Petrology and fluid inclusions geochemistry of ultramafic xenoliths from Mayotte and the origin of the Comoros Archipelago

Ultramafic xenoliths provide valuable insights into the physico-chemical, compositional and thermal characteristics of Earth’s mantle along with its heterogeneities. Integrating petrography and mineral chemistry data with the determination of volatile concentrations and isotopic fingerprints in fluid inclusions (FI) in these xenoliths has become the state-of-the-art approach, as it provides not only important information on the nature and evolution of the lithospheric mantle, in terms of melting and metasomatic processes, but also illustrates the storage and migration pathways of volatiles throughout the lithosphere. This tandem approach makes the Comoros Archipelago (Mozambique Channel, Western Indian Ocean) ideal candidates to explore, because the characteristics of the local lithosphere are intimately tied to the complex regional geodynamic setting.
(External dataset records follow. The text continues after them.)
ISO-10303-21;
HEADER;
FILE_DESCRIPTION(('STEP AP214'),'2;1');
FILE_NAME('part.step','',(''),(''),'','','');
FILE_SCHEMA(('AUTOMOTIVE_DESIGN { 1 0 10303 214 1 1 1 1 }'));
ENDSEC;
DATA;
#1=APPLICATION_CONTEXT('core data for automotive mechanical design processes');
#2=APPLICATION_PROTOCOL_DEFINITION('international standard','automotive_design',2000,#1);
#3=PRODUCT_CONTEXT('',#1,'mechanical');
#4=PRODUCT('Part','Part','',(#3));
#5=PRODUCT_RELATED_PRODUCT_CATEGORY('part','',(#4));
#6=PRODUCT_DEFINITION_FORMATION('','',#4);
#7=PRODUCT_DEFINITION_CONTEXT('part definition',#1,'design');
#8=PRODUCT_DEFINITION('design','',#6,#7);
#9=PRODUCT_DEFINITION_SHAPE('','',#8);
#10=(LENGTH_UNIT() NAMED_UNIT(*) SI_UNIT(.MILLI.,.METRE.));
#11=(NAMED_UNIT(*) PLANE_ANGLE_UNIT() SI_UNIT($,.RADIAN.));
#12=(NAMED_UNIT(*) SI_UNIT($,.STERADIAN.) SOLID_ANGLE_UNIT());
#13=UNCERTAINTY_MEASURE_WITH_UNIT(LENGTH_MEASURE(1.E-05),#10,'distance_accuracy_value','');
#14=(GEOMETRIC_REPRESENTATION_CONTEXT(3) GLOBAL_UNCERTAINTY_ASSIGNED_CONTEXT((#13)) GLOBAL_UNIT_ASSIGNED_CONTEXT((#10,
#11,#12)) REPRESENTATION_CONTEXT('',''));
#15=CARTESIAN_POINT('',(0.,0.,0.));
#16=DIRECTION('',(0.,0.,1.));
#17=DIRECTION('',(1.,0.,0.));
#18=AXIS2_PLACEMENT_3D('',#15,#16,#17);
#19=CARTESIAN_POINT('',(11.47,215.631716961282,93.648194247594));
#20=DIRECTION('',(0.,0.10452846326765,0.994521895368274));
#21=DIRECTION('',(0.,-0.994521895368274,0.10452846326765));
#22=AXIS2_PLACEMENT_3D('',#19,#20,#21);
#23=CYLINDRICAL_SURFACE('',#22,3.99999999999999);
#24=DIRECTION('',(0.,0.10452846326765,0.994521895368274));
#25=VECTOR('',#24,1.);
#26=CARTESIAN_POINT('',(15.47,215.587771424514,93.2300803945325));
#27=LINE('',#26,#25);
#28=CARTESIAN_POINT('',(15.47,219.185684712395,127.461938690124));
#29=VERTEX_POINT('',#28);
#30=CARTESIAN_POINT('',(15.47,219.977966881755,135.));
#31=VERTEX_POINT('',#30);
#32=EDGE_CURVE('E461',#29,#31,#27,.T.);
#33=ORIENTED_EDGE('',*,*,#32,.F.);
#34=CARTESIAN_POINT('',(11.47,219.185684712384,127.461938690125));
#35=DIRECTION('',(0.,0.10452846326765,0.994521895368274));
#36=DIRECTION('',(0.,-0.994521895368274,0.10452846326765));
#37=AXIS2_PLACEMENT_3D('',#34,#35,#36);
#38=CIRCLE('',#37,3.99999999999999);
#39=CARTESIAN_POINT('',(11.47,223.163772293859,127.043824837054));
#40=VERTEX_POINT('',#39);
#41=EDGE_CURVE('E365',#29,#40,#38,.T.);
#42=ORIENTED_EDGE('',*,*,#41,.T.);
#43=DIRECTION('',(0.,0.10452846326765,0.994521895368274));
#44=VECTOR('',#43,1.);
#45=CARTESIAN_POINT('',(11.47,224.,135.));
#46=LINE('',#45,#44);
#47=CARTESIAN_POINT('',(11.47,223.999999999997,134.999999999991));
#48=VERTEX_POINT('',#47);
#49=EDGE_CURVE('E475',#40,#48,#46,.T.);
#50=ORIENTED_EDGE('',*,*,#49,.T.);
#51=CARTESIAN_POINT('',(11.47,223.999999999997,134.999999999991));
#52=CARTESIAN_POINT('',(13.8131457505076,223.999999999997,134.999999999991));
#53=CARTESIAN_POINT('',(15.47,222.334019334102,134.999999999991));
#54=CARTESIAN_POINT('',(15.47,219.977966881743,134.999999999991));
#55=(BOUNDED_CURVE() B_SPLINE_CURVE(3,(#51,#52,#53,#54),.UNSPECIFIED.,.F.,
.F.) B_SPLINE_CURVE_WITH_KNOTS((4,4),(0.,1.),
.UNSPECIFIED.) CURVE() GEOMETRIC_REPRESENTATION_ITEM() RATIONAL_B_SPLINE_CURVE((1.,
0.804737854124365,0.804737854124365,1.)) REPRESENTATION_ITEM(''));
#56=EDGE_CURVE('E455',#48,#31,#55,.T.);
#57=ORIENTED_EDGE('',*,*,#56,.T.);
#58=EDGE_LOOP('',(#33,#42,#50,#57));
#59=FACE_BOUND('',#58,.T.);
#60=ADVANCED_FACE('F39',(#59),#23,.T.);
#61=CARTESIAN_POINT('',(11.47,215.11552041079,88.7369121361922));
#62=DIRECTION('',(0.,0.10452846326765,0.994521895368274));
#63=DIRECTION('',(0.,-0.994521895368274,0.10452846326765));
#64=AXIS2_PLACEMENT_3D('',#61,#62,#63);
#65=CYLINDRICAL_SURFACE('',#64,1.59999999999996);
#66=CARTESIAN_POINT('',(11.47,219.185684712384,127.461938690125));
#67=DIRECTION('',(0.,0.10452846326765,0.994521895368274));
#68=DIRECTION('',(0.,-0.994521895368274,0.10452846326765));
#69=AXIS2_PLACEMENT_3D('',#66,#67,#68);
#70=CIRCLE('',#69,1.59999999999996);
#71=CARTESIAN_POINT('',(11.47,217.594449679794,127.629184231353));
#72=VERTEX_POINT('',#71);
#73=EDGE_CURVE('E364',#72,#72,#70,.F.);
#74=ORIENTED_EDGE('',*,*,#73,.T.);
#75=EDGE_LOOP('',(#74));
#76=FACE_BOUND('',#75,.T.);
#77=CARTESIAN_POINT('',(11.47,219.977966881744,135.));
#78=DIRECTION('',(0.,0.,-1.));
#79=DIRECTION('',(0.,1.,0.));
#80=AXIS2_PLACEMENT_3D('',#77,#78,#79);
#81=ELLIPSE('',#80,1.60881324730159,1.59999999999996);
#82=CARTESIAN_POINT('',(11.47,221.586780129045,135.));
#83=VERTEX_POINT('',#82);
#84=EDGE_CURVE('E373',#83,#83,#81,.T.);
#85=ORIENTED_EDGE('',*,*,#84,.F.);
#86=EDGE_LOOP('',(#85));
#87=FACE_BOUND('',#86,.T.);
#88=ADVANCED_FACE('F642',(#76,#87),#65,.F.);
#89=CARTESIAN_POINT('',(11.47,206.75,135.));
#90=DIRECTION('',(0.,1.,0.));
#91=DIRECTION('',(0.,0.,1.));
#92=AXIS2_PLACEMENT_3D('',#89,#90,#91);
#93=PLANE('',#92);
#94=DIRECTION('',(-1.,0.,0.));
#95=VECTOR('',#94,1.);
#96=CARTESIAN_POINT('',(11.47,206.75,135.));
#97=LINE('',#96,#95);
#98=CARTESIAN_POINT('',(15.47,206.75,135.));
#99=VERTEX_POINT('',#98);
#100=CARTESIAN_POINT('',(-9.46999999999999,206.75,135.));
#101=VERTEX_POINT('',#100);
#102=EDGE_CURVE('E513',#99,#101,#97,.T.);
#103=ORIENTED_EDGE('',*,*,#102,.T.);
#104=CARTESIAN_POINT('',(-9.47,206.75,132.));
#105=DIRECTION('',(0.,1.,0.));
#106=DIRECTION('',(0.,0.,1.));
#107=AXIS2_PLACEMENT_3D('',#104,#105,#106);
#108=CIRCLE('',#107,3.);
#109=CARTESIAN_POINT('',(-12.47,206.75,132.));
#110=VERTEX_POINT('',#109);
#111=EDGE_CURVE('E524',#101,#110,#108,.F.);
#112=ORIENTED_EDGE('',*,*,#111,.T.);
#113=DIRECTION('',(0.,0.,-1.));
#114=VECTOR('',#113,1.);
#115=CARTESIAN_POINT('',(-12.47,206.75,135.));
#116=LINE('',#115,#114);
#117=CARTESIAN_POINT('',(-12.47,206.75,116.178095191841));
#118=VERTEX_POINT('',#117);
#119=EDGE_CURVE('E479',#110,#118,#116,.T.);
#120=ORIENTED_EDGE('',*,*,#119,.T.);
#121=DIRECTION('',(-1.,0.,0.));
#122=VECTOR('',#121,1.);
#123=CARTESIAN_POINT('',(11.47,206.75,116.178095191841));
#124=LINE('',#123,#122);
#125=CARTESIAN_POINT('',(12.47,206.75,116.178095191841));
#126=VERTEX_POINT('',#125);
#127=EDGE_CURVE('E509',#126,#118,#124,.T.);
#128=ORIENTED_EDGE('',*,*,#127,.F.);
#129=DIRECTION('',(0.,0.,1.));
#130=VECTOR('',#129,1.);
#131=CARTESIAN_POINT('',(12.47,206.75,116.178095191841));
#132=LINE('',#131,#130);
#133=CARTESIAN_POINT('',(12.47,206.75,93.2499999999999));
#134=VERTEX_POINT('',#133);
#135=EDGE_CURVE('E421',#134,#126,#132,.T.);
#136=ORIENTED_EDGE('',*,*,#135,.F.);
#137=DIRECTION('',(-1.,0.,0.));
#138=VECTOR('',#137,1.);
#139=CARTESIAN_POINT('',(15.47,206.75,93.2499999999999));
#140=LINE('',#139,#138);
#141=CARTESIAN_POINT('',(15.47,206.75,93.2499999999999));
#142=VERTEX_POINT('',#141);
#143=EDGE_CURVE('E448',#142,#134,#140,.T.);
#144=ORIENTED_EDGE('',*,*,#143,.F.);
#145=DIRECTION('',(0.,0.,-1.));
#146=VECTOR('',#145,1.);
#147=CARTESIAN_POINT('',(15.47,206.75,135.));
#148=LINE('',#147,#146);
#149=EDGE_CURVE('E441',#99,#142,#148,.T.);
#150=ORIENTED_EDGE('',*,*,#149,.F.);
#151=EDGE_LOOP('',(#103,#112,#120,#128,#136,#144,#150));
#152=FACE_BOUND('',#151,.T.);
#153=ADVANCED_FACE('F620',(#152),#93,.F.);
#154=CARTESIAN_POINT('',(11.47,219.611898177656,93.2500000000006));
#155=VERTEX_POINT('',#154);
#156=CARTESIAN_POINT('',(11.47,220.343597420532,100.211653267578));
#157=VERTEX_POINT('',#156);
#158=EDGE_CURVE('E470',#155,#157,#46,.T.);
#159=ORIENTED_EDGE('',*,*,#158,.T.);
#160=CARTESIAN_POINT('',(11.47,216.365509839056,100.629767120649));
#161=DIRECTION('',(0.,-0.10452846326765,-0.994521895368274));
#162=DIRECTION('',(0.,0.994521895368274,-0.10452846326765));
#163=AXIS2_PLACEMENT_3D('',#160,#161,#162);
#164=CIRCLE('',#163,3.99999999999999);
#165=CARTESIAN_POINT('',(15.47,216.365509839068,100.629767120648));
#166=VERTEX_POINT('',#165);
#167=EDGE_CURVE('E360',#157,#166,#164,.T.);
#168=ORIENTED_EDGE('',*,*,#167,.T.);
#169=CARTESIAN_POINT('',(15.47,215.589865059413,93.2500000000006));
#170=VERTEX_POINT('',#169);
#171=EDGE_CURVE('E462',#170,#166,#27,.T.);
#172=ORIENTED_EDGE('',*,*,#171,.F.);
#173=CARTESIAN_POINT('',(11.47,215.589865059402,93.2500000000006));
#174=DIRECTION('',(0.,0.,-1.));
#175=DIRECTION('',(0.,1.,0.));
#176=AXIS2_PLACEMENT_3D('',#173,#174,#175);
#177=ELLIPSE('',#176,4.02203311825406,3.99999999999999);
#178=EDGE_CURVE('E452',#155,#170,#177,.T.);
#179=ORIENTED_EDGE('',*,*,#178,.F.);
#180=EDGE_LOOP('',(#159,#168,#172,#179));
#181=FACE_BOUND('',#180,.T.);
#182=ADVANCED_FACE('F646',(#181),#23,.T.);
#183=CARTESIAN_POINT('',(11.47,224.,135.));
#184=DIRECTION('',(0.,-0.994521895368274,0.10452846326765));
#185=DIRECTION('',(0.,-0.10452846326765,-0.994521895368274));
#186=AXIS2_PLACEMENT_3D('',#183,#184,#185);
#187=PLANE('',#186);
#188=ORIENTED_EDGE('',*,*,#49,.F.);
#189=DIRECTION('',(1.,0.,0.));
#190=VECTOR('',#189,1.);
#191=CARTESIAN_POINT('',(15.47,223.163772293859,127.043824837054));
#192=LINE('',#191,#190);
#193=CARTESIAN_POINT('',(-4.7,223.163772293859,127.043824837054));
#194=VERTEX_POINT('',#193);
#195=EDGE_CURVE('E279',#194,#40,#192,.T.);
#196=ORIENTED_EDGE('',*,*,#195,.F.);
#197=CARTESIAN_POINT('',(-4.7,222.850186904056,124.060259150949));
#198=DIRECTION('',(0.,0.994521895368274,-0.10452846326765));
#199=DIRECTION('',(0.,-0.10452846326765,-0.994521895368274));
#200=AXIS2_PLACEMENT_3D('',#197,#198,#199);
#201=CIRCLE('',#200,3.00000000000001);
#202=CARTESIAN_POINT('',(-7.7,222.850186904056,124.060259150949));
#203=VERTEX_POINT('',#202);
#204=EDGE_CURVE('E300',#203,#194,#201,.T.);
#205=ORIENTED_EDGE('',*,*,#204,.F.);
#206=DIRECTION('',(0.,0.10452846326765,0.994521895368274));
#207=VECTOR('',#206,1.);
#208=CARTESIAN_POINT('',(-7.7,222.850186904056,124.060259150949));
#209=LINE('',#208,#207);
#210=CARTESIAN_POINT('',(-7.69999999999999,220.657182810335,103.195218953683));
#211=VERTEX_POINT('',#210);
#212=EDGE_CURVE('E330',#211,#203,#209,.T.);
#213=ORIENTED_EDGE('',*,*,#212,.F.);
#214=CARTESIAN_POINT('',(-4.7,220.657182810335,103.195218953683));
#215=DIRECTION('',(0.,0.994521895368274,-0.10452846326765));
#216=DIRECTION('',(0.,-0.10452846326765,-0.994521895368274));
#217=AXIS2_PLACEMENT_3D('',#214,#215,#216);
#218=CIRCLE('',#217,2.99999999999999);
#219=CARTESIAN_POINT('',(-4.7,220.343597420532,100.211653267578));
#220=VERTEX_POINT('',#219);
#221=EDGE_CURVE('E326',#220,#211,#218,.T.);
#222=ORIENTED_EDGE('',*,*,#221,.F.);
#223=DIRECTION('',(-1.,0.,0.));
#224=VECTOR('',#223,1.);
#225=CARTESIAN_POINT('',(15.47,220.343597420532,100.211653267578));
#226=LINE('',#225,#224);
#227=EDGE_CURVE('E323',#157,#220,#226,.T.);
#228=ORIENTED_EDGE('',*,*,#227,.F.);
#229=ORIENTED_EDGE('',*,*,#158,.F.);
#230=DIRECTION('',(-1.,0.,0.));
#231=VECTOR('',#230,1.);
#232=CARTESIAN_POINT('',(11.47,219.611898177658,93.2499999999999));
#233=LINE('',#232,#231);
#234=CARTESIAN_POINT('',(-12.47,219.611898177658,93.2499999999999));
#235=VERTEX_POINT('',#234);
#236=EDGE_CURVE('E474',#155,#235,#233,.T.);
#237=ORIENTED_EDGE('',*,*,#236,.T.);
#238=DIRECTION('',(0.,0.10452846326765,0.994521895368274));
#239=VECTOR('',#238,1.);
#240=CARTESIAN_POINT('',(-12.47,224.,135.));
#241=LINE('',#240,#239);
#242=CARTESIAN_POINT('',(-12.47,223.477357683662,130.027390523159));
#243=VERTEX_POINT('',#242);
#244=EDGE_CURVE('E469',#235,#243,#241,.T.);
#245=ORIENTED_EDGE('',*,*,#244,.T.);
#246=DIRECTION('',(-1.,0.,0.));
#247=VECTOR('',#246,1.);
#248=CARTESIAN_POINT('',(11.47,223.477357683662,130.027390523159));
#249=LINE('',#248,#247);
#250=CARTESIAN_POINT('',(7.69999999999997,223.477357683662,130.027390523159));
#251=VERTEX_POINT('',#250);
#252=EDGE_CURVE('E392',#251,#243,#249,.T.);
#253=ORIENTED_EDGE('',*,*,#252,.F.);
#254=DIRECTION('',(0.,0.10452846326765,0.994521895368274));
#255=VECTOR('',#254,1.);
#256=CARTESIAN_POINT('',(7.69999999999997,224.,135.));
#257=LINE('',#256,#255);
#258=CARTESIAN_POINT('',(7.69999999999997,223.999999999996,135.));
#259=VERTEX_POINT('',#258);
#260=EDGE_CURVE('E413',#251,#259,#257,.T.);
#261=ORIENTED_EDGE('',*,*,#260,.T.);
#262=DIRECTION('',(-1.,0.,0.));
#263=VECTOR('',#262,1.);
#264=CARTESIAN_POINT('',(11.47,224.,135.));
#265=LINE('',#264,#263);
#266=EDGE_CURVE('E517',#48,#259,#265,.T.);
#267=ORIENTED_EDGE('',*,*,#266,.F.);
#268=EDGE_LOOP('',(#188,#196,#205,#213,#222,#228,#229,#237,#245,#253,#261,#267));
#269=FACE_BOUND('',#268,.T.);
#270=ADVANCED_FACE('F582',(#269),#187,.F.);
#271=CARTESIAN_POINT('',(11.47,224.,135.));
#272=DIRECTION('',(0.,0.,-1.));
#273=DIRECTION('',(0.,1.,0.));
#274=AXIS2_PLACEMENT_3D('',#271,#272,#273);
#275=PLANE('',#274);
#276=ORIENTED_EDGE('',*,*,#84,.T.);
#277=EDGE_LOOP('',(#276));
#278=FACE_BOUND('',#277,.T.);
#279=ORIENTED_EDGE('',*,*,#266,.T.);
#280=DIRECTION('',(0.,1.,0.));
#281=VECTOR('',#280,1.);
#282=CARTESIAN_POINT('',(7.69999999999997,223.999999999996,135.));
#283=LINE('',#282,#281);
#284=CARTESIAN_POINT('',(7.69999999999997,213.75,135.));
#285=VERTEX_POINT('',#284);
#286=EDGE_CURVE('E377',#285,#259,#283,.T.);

Indeed, the origin of the Comoros magmatism remains enigmatic and controversial despite extensive documentation in the literature, as it has been attributed to either a plume-related hot spot or to a passive response to lithospheric break-up.

In this study, we investigate a unique suite of ultramafic xenoliths from Mayotte island by combining petrographic observation, mineral phase major and trace element analysis with the geochemistry of noble gases (He, Ar, Ne) and CO₂ hosted in olivine (ol), orthopyroxene (opx) and clinopyroxene (cpx) FI. Mineral major elements results show refractory compositions in terms of MgO (Mg#_Ol > 90.5, Mg#_Opx > 91 and Mg#_Cpx > 91.5) and Al₂O₃ contents (ranging from about 1.60 to 3.00 wt.% for opx and from 2.50 to 3.60 wt.% for cpx, respectively), with Cr# of spinel falling between about 0.4 and 0.55. Overall, these features indicate that the local lithosphere experienced relatively high degrees of melting, from ~20% to 25%. This is also supported by highly depleted chondrite-normalized rare earth element (REE) patterns for cpx, where HREE are roughly (1.5)_N.

Volatile concentrations and isotopic fingerprints in FI hosted in Mayotte xenoliths are variable, with CO₂ standing out as the most abundant gas species. The air-corrected ³He/⁴He isotopic ratios (5.6 to 6.8 Ra) are intermediate between the typical signatures of MORB (8±1 Ra) and the SCLM (6.1±2.1 Ra) mantle, as measured in local subaerial (Liuzzo et al., 2021) and submarine (Fani Maoré Seamount, Mastin et al., 2023) gas emissions. The relationships between ³He/⁴He and the extrapolated air-free mantle ²¹Ne/²²Ne ratios, together with ⁴⁰Ar/³⁶Ar versus ³He/³⁶Ar systematics, suggest a dominating MORB-like component in the upper mantle below the Comoros archipelago, mixed with recycled crustal and atmospheric components, in agreement with recent data of ultramafic xenoliths from Grande Comore island (Ventura Bordenca et al., 2023).

 

References

Bordenca, C.V., Faccini, B., Caracausi, A., et al., 2023. Geochemical evidence for a lithospheric origin of the Comoros Archipelago (Indian Ocean) as revealed by ultramafic mantle xenoliths from La Grille volcano. Lithos, 462, 107406.

Liuzzo, M., Di Muro, A., Rizzo, A.L., et al., 2021. Gas geochemistry at Grande Comore and Mayotte volcanic islands (Comoros archipelago), Indian Ocean. Geochemistry, Geophysics, Geosystems, 22, e2021GC009870.

Mastin, M., Cathalot, C., Fandino, et al., 2023. Strong geochemical anomalies following active submarine eruption offshore Mayotte. Chemical Geology, 640, 121739.